• [Work instructions]: Go through the data below and return each line where the string "notes" occurs.

• [Records for processing]:
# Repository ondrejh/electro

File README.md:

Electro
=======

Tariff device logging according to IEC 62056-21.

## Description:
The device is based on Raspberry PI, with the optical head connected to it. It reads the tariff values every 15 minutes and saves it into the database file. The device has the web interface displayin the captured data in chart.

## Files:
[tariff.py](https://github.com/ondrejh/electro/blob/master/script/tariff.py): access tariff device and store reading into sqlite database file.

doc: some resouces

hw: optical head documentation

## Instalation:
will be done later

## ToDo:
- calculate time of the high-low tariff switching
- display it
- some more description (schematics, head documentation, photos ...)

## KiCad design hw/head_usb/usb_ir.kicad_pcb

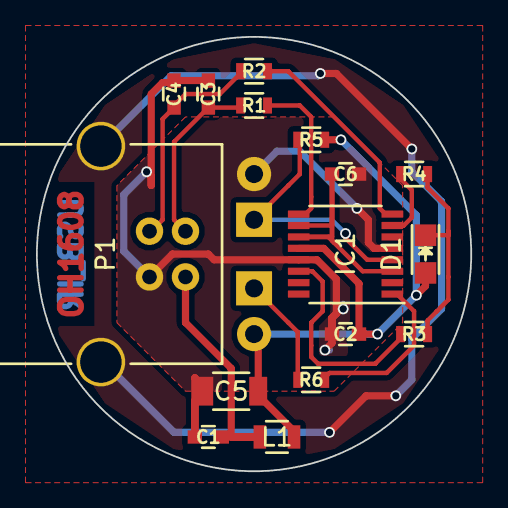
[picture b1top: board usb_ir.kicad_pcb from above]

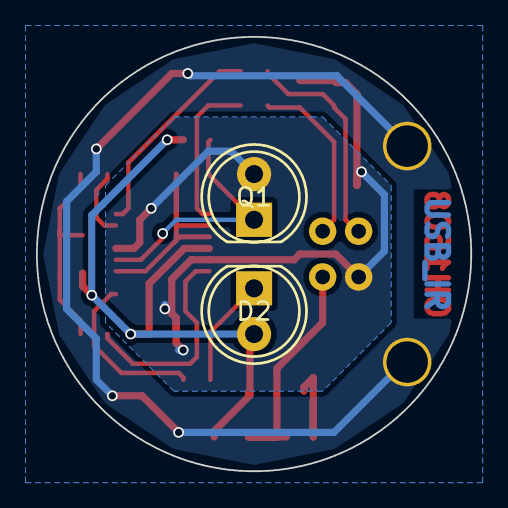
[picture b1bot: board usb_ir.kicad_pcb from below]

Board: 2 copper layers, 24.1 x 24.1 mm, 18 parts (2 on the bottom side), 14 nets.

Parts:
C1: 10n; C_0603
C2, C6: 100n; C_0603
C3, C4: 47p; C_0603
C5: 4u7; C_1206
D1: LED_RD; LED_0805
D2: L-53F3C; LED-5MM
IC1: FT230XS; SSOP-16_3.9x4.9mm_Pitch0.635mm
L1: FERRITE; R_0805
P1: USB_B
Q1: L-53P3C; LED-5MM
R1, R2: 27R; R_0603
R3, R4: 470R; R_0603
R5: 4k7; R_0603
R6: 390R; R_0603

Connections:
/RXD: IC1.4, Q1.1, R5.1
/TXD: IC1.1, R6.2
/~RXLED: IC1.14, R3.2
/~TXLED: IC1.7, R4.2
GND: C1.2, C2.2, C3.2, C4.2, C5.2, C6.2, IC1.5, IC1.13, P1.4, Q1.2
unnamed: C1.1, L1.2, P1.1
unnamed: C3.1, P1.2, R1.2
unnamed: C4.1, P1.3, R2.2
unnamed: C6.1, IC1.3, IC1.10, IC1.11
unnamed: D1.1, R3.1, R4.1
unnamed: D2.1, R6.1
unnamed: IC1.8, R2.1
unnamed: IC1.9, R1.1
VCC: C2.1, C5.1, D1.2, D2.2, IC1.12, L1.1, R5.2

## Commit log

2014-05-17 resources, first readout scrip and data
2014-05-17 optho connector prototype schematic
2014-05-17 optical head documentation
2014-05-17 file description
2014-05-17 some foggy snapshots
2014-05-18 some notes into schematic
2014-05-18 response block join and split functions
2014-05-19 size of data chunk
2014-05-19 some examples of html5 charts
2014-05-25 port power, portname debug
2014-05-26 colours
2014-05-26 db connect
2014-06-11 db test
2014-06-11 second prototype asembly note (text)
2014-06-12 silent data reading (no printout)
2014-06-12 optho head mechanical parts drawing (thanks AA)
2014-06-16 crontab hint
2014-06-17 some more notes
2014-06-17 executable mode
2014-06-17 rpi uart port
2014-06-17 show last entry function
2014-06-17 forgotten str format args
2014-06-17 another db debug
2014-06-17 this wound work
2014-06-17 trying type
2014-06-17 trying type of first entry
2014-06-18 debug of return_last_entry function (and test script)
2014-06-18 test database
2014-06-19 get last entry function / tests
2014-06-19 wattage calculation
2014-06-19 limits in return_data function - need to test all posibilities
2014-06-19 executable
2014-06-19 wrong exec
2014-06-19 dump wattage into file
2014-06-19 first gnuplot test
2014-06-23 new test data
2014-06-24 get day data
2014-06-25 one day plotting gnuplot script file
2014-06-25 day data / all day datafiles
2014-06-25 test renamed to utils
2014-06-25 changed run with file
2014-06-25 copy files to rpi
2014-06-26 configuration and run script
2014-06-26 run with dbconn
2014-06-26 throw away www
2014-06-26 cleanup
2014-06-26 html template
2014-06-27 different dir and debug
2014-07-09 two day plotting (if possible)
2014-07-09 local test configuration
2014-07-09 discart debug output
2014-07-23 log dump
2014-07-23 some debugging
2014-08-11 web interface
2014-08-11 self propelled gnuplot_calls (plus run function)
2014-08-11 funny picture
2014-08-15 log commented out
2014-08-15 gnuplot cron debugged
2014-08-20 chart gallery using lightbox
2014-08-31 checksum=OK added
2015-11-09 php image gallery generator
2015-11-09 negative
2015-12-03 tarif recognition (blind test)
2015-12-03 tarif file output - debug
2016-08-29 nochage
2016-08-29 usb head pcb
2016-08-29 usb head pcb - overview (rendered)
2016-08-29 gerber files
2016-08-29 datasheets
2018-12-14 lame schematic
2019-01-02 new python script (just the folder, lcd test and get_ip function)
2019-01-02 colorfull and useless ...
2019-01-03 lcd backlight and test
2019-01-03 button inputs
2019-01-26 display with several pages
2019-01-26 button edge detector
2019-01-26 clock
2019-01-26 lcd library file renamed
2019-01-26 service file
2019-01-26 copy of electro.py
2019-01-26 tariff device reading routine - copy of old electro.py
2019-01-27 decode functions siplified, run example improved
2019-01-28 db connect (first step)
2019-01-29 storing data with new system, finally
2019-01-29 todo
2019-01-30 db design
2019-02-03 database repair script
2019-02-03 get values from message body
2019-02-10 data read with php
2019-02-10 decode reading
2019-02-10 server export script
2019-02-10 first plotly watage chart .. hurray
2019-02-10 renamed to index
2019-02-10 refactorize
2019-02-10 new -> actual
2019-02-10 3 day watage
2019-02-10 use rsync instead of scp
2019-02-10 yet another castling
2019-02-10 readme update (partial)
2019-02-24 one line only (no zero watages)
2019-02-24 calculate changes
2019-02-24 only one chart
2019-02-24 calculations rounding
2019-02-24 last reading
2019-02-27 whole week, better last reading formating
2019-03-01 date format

• [Result for this exercise]:
2014-05-18 some notes into schematic
2014-06-17 some more notes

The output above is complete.